Pomimo tego faktu, przez ostatnie miesiące dostarczyła ona tak dużo niezwykle cennych informacji na temat tego tajemniczego obiektu, że jeszcze przez długi czas świat astronomii będzie zaskakiwał nas nowymi odkryciami z nią związanymi. Najnowszą z nich jest fakt, że Ceres posiada bardzo unikalną mineralogię. Co niezwykłe, udział masowy węgla na jej powierzchni może wynosić nawet 20 procent.

Reklama

Naukowcy są tym faktem zachwyceni, bo takie bogactwo węgla nawet pięciokrotnie przewyższa udziały tego materiału organicznego w znajdywanych na Ziemi chondrytach węglistych, czyli meteorytach kamiennych o dużej zawartości węgla. Kolejne analizy pozyskanych danych powinny rzucić jeszcze więcej światła na ten ważny temat.
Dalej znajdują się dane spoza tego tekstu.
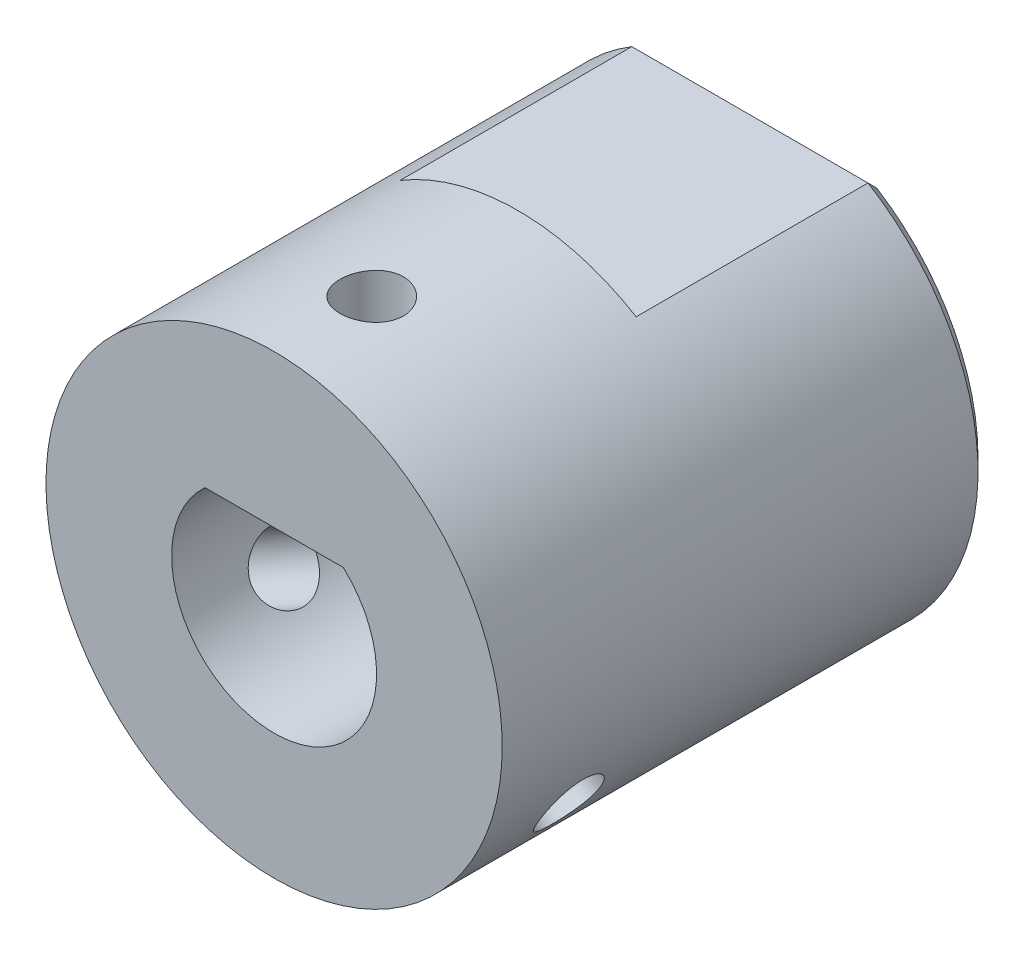
ISO-10303-21;
HEADER;
FILE_DESCRIPTION(('STEP AP214'),'2;1');
FILE_NAME('part.step','',(''),(''),'','','');
FILE_SCHEMA(('AUTOMOTIVE_DESIGN { 1 0 10303 214 1 1 1 1 }'));
ENDSEC;
DATA;
#1=APPLICATION_CONTEXT('core data for automotive mechanical design processes');
#2=APPLICATION_PROTOCOL_DEFINITION('international standard','automotive_design',2000,#1);
#3=PRODUCT_CONTEXT('',#1,'mechanical');
#4=PRODUCT('Part','Part','',(#3));
#5=PRODUCT_RELATED_PRODUCT_CATEGORY('part','',(#4));
#6=PRODUCT_DEFINITION_FORMATION('','',#4);
#7=PRODUCT_DEFINITION_CONTEXT('part definition',#1,'design');
#8=PRODUCT_DEFINITION('design','',#6,#7);
#9=PRODUCT_DEFINITION_SHAPE('','',#8);
#10=(LENGTH_UNIT() NAMED_UNIT(*) SI_UNIT(.MILLI.,.METRE.));
#11=(NAMED_UNIT(*) PLANE_ANGLE_UNIT() SI_UNIT($,.RADIAN.));
#12=(NAMED_UNIT(*) SI_UNIT($,.STERADIAN.) SOLID_ANGLE_UNIT());
#13=UNCERTAINTY_MEASURE_WITH_UNIT(LENGTH_MEASURE(1.E-05),#10,'distance_accuracy_value','');
#14=(GEOMETRIC_REPRESENTATION_CONTEXT(3) GLOBAL_UNCERTAINTY_ASSIGNED_CONTEXT((#13)) GLOBAL_UNIT_ASSIGNED_CONTEXT((#10,
#11,#12)) REPRESENTATION_CONTEXT('',''));
#15=CARTESIAN_POINT('',(0.,0.,0.));
#16=DIRECTION('',(0.,0.,1.));
#17=DIRECTION('',(1.,0.,0.));
#18=AXIS2_PLACEMENT_3D('',#15,#16,#17);
#19=CARTESIAN_POINT('',(0.,0.,20.));
#20=DIRECTION('',(0.,0.,1.));
#21=DIRECTION('',(1.,0.,0.));
#22=AXIS2_PLACEMENT_3D('',#19,#20,#21);
#23=PLANE('',#22);
#24=CARTESIAN_POINT('',(0.,0.,20.));
#25=DIRECTION('',(0.,0.,1.));
#26=DIRECTION('',(1.,0.,0.));
#27=AXIS2_PLACEMENT_3D('',#24,#25,#26);
#28=CIRCLE('',#27,9.35);
#29=CARTESIAN_POINT('',(9.35,0.,20.));
#30=VERTEX_POINT('',#29);
#31=EDGE_CURVE('E241',#30,#30,#28,.T.);
#32=ORIENTED_EDGE('',*,*,#31,.T.);
#33=EDGE_LOOP('',(#32));
#34=FACE_BOUND('',#33,.T.);
#35=CARTESIAN_POINT('',(0.,0.,20.));
#36=DIRECTION('',(0.,0.,1.));
#37=DIRECTION('',(1.,0.,0.));
#38=AXIS2_PLACEMENT_3D('',#35,#36,#37);
#39=CIRCLE('',#38,4.2);
#40=CARTESIAN_POINT('',(-2.83372546306095,3.1,20.));
#41=VERTEX_POINT('',#40);
#42=CARTESIAN_POINT('',(2.83372546306095,3.1,20.));
#43=VERTEX_POINT('',#42);
#44=EDGE_CURVE('E238',#41,#43,#39,.T.);
#45=ORIENTED_EDGE('',*,*,#44,.F.);
#46=DIRECTION('',(1.,0.,0.));
#47=VECTOR('',#46,1.);
#48=CARTESIAN_POINT('',(-2.83372546306095,3.1,20.));
#49=LINE('',#48,#47);
#50=EDGE_CURVE('E218',#41,#43,#49,.T.);
#51=ORIENTED_EDGE('',*,*,#50,.T.);
#52=EDGE_LOOP('',(#45,#51));
#53=FACE_BOUND('',#52,.T.);
#54=ADVANCED_FACE('F43',(#34,#53),#23,.T.);
#55=CARTESIAN_POINT('',(0.,0.,0.));
#56=DIRECTION('',(0.,0.,1.));
#57=DIRECTION('',(1.,0.,0.));
#58=AXIS2_PLACEMENT_3D('',#55,#56,#57);
#59=PLANE('',#58);
#60=DIRECTION('',(1.,0.,0.));
#61=VECTOR('',#60,1.);
#62=CARTESIAN_POINT('',(0.,7.5,0.));
#63=LINE('',#62,#61);
#64=CARTESIAN_POINT('',(-4.69813792900975,7.5,0.));
#65=VERTEX_POINT('',#64);
#66=CARTESIAN_POINT('',(4.69813792900975,7.5,0.));
#67=VERTEX_POINT('',#66);
#68=EDGE_CURVE('E66',#65,#67,#63,.T.);
#69=ORIENTED_EDGE('',*,*,#68,.T.);
#70=CARTESIAN_POINT('',(0.,0.,0.));
#71=DIRECTION('',(0.,0.,1.));
#72=DIRECTION('',(1.,0.,0.));
#73=AXIS2_PLACEMENT_3D('',#70,#71,#72);
#74=CIRCLE('',#73,8.85);
#75=EDGE_CURVE('E59',#67,#65,#74,.F.);
#76=ORIENTED_EDGE('',*,*,#75,.T.);
#77=EDGE_LOOP('',(#69,#76));
#78=FACE_BOUND('',#77,.T.);
#79=CARTESIAN_POINT('',(0.,0.,0.));
#80=DIRECTION('',(0.,0.,1.));
#81=DIRECTION('',(1.,0.,0.));
#82=AXIS2_PLACEMENT_3D('',#79,#80,#81);
#83=CIRCLE('',#82,4.2);
#84=CARTESIAN_POINT('',(4.2,0.,0.));
#85=VERTEX_POINT('',#84);
#86=EDGE_CURVE('E235',#85,#85,#83,.T.);
#87=ORIENTED_EDGE('',*,*,#86,.T.);
#88=EDGE_LOOP('',(#87));
#89=FACE_BOUND('',#88,.T.);
#90=ADVANCED_FACE('F152',(#78,#89),#59,.F.);
#91=CARTESIAN_POINT('',(0.,0.,20.));
#92=DIRECTION('',(0.,0.,-1.));
#93=DIRECTION('',(-1.,0.,0.));
#94=AXIS2_PLACEMENT_3D('',#91,#92,#93);
#95=CYLINDRICAL_SURFACE('',#94,9.35);
#96=CARTESIAN_POINT('',(-7.36868910732917,-5.75542533958424,16.));
#97=CARTESIAN_POINT('',(-7.36869161852359,-5.75542327536056,15.9273580817023));
#98=CARTESIAN_POINT('',(-7.37249205819785,-5.75056663106929,15.8546725031694));
#99=CARTESIAN_POINT('',(-7.38752877458161,-5.73123571250505,15.7113292392381));
#100=CARTESIAN_POINT('',(-7.39877254227632,-5.71675174921273,15.6406736716695));
#101=CARTESIAN_POINT('',(-7.4281713888277,-5.67849873812206,15.5034862737632));
#102=CARTESIAN_POINT('',(-7.44632144628477,-5.65473643605633,15.4369514880746));
#103=CARTESIAN_POINT('',(-7.48872710108576,-5.5984553285125,15.3098130770295));
#104=CARTESIAN_POINT('',(-7.51298176464104,-5.5659378622116,15.2492085465212));
#105=CARTESIAN_POINT('',(-7.56674187650696,-5.49263053118961,15.1352223541864));
#106=CARTESIAN_POINT('',(-7.59627876344121,-5.45179091990007,15.0818875076751));
#107=CARTESIAN_POINT('',(-7.65930656056571,-5.36288043086562,14.9843597717681));
#108=CARTESIAN_POINT('',(-7.69279767829316,-5.31480917353253,14.9401673625472));
#109=CARTESIAN_POINT('',(-7.76259046394222,-5.21234511377049,14.8620082778028));
#110=CARTESIAN_POINT('',(-7.7989031222667,-5.15792713064914,14.8280843964996));
#111=CARTESIAN_POINT('',(-7.872882762299,-5.04428474668086,14.7716997184414));
#112=CARTESIAN_POINT('',(-7.91054968220607,-4.98506056500665,14.7492383993095));
#113=CARTESIAN_POINT('',(-7.98569423778917,-4.8637682730505,14.7165574853382));
#114=CARTESIAN_POINT('',(-8.02317152357426,-4.80172101536436,14.7062597155207));
#115=CARTESIAN_POINT('',(-8.09699915888118,-4.67615306950701,14.6979556900775));
#116=CARTESIAN_POINT('',(-8.13334956254551,-4.61263245238237,14.6999488429961));
#117=CARTESIAN_POINT('',(-8.20365272098632,-4.48639807869262,14.7161079523771));
#118=CARTESIAN_POINT('',(-8.23762028932464,-4.42368177902195,14.730189818852));
#119=CARTESIAN_POINT('',(-8.30261416559337,-4.3004596788589,14.7699948790985));
#120=CARTESIAN_POINT('',(-8.33364040667508,-4.23995392862575,14.7957183373765));
#121=CARTESIAN_POINT('',(-8.39222830625282,-4.12277982747407,14.8581640030411));
#122=CARTESIAN_POINT('',(-8.41977824822696,-4.06612473598641,14.8949220653752));
#123=CARTESIAN_POINT('',(-8.47085916757039,-3.95861000670828,14.9783673814475));
#124=CARTESIAN_POINT('',(-8.49438991708336,-3.90775069754703,15.0250551977874));
#125=CARTESIAN_POINT('',(-8.53733280644675,-3.81302784862582,15.127504352275));
#126=CARTESIAN_POINT('',(-8.55670845159298,-3.76922707598977,15.1833390506139));
#127=CARTESIAN_POINT('',(-8.59091844955918,-3.69059139788764,15.3022465194326));
#128=CARTESIAN_POINT('',(-8.60575278135189,-3.65575653393576,15.3653193234245));
#129=CARTESIAN_POINT('',(-8.63079857185777,-3.59622922549149,15.4969832050296));
#130=CARTESIAN_POINT('',(-8.64100723825642,-3.57154290806992,15.56557758644));
#131=CARTESIAN_POINT('',(-8.6567450367552,-3.53322775971783,15.7062998571695));
#132=CARTESIAN_POINT('',(-8.66227445019601,-3.51959826399654,15.7784275337729));
#133=CARTESIAN_POINT('',(-8.66861100469175,-3.50396275127043,15.9235251581154));
#134=CARTESIAN_POINT('',(-8.66945712517172,-3.50186079101088,15.9964830731419));
#135=CARTESIAN_POINT('',(-8.66652957502623,-3.50909956705879,16.1417337618307));
#136=CARTESIAN_POINT('',(-8.6627560269497,-3.51843999982652,16.2140265530861));
#137=CARTESIAN_POINT('',(-8.6506259847929,-3.54815772103816,16.3555818705303));
#138=CARTESIAN_POINT('',(-8.64228899861504,-3.56848802512971,16.4248559497771));
#139=CARTESIAN_POINT('',(-8.62107519353809,-3.61943634671632,16.5587703985755));
#140=CARTESIAN_POINT('',(-8.60819817982956,-3.65005480566632,16.6234105691461));
#141=CARTESIAN_POINT('',(-8.57787105725553,-3.72076768358883,16.7466841047076));
#142=CARTESIAN_POINT('',(-8.56039177170221,-3.76092239365305,16.8052757012172));
#143=CARTESIAN_POINT('',(-8.52102951761476,-3.84927121357059,16.9143609886034));
#144=CARTESIAN_POINT('',(-8.49914633609116,-3.89746571223994,16.9648542876027));
#145=CARTESIAN_POINT('',(-8.45103497997615,-4.00072100536017,17.0566743471355));
#146=CARTESIAN_POINT('',(-8.4247770223437,-4.05582817729574,17.0979333899061));
#147=CARTESIAN_POINT('',(-8.36840823436111,-4.17089224678479,17.1696434433863));
#148=CARTESIAN_POINT('',(-8.33829749702341,-4.23084902724791,17.2000947149462));
#149=CARTESIAN_POINT('',(-8.2748919712809,-4.35355169540655,17.2492149499628));
#150=CARTESIAN_POINT('',(-8.24160785549086,-4.41628787918661,17.2679219062292));
#151=CARTESIAN_POINT('',(-8.17254121404812,-4.5428253762431,17.2931457579287));
#152=CARTESIAN_POINT('',(-8.13675882933008,-4.60662662928162,17.2996633404244));
#153=CARTESIAN_POINT('',(-8.06397359044995,-4.73287386206785,17.3003084752526));
#154=CARTESIAN_POINT('',(-8.02698356664508,-4.7953267325754,17.2945400051509));
#155=CARTESIAN_POINT('',(-7.95261128694535,-4.917682498107,17.2709984310592));
#156=CARTESIAN_POINT('',(-7.91522903181739,-4.97758539811569,17.2532253505366));
#157=CARTESIAN_POINT('',(-7.84131936401621,-5.09322304245144,17.2062140494977));
#158=CARTESIAN_POINT('',(-7.80479150106602,-5.14896001791176,17.1769820191736));
#159=CARTESIAN_POINT('',(-7.73384807434369,-5.25491811227909,17.1078934999697));
#160=CARTESIAN_POINT('',(-7.69943255946492,-5.30513910353183,17.0680367652795));
#161=CARTESIAN_POINT('',(-7.63372251424288,-5.39926913733651,16.9784500733686));
#162=CARTESIAN_POINT('',(-7.6024554130637,-5.44312396889629,16.9286430311121));
#163=CARTESIAN_POINT('',(-7.54459387773939,-5.52304663826848,16.8207312979333));
#164=CARTESIAN_POINT('',(-7.51800054568014,-5.55911263991374,16.7626246557852));
#165=CARTESIAN_POINT('',(-7.47049249487425,-5.62279580443319,16.6394389072019));
#166=CARTESIAN_POINT('',(-7.44960558447255,-5.65037167338479,16.5743277384333));
#167=CARTESIAN_POINT('',(-7.41462508324013,-5.69619814679963,16.4392383172415));
#168=CARTESIAN_POINT('',(-7.40052428655317,-5.71445864406205,16.3692653181534));
#169=CARTESIAN_POINT('',(-7.38303433132624,-5.73702290061459,16.2491293310254));
#170=CARTESIAN_POINT('',(-7.37766670707216,-5.74391576712819,16.1997160284586));
#171=CARTESIAN_POINT('',(-7.37049324720049,-5.75311767504155,16.1002087392048));
#172=CARTESIAN_POINT('',(-7.36868737488726,-5.75542676366658,16.0501147595359));
#173=CARTESIAN_POINT('',(-7.36868910732917,-5.75542533958424,16.));
#174=B_SPLINE_CURVE_WITH_KNOTS('',3,(#96,#97,#98,#99,#100,#101,#102,#103,#104,#105,#106,#107,
#108,#109,#110,#111,#112,#113,#114,#115,#116,#117,#118,#119,#120,#121,#122,#123,#124,#125,#126,
#127,#128,#129,#130,#131,#132,#133,#134,#135,#136,#137,#138,#139,#140,#141,#142,#143,#144,#145,
#146,#147,#148,#149,#150,#151,#152,#153,#154,#155,#156,#157,#158,#159,#160,#161,#162,#163,#164,
#165,#166,#167,#168,#169,#170,#171,#172,#173),.UNSPECIFIED.,.T.,.F.,(4,2,2,2,2,2,2,2,2,2,2,2,2,
2,2,2,2,2,2,2,2,2,2,2,2,2,2,2,2,2,2,2,2,2,2,2,2,2,4),(0.,0.217742626385451,0.435704723355003,
0.653508647129262,0.871279274839773,1.09039199177471,1.30951621392374,1.52954144950692,
1.74955665711069,1.96814999973307,2.18673282343286,2.40380737639634,2.62088686171712,
2.83867948610532,3.05648445351163,3.2761304659841,3.49577749544925,3.71555694027489,
3.93532316989455,4.15325748540633,4.37118601975961,4.58819014178226,4.80520357643453,
5.02362738281834,5.24206175556317,5.46204900073356,5.68203093605196,5.90129751325707,
6.12055173097251,6.33795776448628,6.55536337299864,6.77265169920594,6.98994505297324,
7.20899205346611,7.42809063666344,7.64823861445149,7.86815230879066,8.01837179698311,
8.16858973750186),.UNSPECIFIED.);
#175=CARTESIAN_POINT('',(-7.36868910732917,-5.75542533958424,16.));
#176=VERTEX_POINT('',#175);
#177=EDGE_CURVE('E185',#176,#176,#174,.T.);
#178=ORIENTED_EDGE('',*,*,#177,.T.);
#179=EDGE_LOOP('',(#178));
#180=FACE_BOUND('',#179,.T.);
#181=CARTESIAN_POINT('',(8.66868910732924,-3.50375928974458,16.));
#182=CARTESIAN_POINT('',(8.6686885752563,-3.50376249661457,15.9273580817023));
#183=CARTESIAN_POINT('',(8.66638281776004,-3.50948209606367,15.8546725031694));
#184=CARTESIAN_POINT('',(8.6571601093968,-3.53216973372363,15.7113292392381));
#185=CARTESIAN_POINT('',(8.65023851308552,-3.54914910382767,15.6406736716695));
#186=CARTESIAN_POINT('',(8.63180985698545,-3.59373575732845,15.5034862737632));
#187=CARTESIAN_POINT('',(8.62030612847266,-3.62133531919929,15.4369514880746));
#188=CARTESIAN_POINT('',(8.59276808698708,-3.68620024729297,15.3098130770295));
#189=CARTESIAN_POINT('',(8.57673446688143,-3.72346413524254,15.2492085465212));
#190=CARTESIAN_POINT('',(8.54012851186572,-3.80667542333972,15.1352223541864));
#191=CARTESIAN_POINT('',(8.51952881447542,-3.85267492341826,15.0818875076751));
#192=CARTESIAN_POINT('',(8.47404397087093,-3.95171384138987,14.9843597717681));
#193=CARTESIAN_POINT('',(8.44915859969234,-4.00475362880952,14.9401673625472));
#194=CARTESIAN_POINT('',(8.39531851378806,-4.11642798406351,14.8620082778028));
#195=CARTESIAN_POINT('',(8.36634748714451,-4.17508466021213,14.8280843964997));
#196=CARTESIAN_POINT('',(8.3049201156975,-4.29597409982707,14.7716997184414));
#197=CARTESIAN_POINT('',(8.27246392980282,-4.35820670018601,14.7492383993095));
#198=CARTESIAN_POINT('',(8.20499400147711,-4.48392994025515,14.7165574853382));
#199=CARTESIAN_POINT('',(8.1699981429783,-4.54740985065299,14.7062597155207));
#200=CARTESIAN_POINT('',(8.09816692961826,-4.6741304312588,14.6979556900775));
#201=CARTESIAN_POINT('',(8.06133166335642,-4.73737111283224,14.6999488429961));
#202=CARTESIAN_POINT('',(7.98716106813068,-4.86137262085314,14.7161079523771));
#203=CARTESIAN_POINT('',(7.94983094355369,-4.92214754777425,14.730189818852));
#204=CARTESIAN_POINT('',(7.87561441263918,-5.04004494579492,14.7699948790985));
#205=CARTESIAN_POINT('',(7.8387280164031,-5.09716733387219,14.7957183373765));
#206=CARTESIAN_POINT('',(7.766546217929,-5.20649299383672,14.8581640030411));
#207=CARTESIAN_POINT('',(7.73125644043403,-5.25867948920294,14.8949220653752));
#208=CARTESIAN_POINT('',(7.66368641326988,-5.35667422764208,14.9783673814475));
#209=CARTESIAN_POINT('',(7.63140633427379,-5.40248210907103,15.0250551977874));
#210=CARTESIAN_POINT('',(7.57084538547088,-5.48703316663223,15.127504352275));
#211=CARTESIAN_POINT('',(7.5426006262358,-5.52571335386161,15.1833390506139));
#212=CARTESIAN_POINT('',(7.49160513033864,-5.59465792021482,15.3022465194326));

Planeta karłowata Ceres uformowała się 4,6 mld lat temu, w czasie początków Układu Słonecznego. Najnowsze doniesienia astronomów pokazują, że oprócz wykrytych wcześniej jonów amonowych, tak ogromne zasoby węgla są dobrą przesłanką świadczące o tym, że podobne obiekty mogły brać udział w formowaniu się np. Ziemi.

Centralne wzniesienie w kraterze Urvara na Ceres. Tam odkryto bogate w węglany materiały. Fot. NASA.

Tak czy inaczej, astrobiolodzy poznali kolejny element powstania, ewolucji i dystrybucji związków organicznych w wewnętrznej części Układu Słonecznego. Uzupełnieniem tej układanki są też najnowsze informacje opublikowane przez NASA, a dotyczące planetoidy Bennu, która od niedawna jest badana przez sondę OSIRIS-REx.

Naukowcy w trakcie zbliżania się sondy do obiektu uruchomili na jego pokładzie trzy spektrometry. Zebrały one ciekawe dane na temat składu powierzchni tej planetoidy, która potencjalnie zagrozi naszej planecie w przyszłym stuleciu. Analizy danych pozwoliły ustalić, że na obiekcie występują minerały zawierające połączone atomy tlenu i wodoru, czyli tzw. grupy hydroksylowe.

Występują one na całej planetoidzie w minerałach ilastych. Bennu jest jednak za mała, aby sama z siebie zawierała wodę. Prawdopodobnie była ona obecna na pierwotnej planetoidzie, z której rozpadu uformowała się Bennu, i dlatego mogliśmy ją wykryć. Jest to typowy obiekt pozostałości po wczesnym utworzeniu Układu Słonecznego, więc jest też idealnym materiałem do badań nad prymitywnymi substancjami lotnymi i organicznymi.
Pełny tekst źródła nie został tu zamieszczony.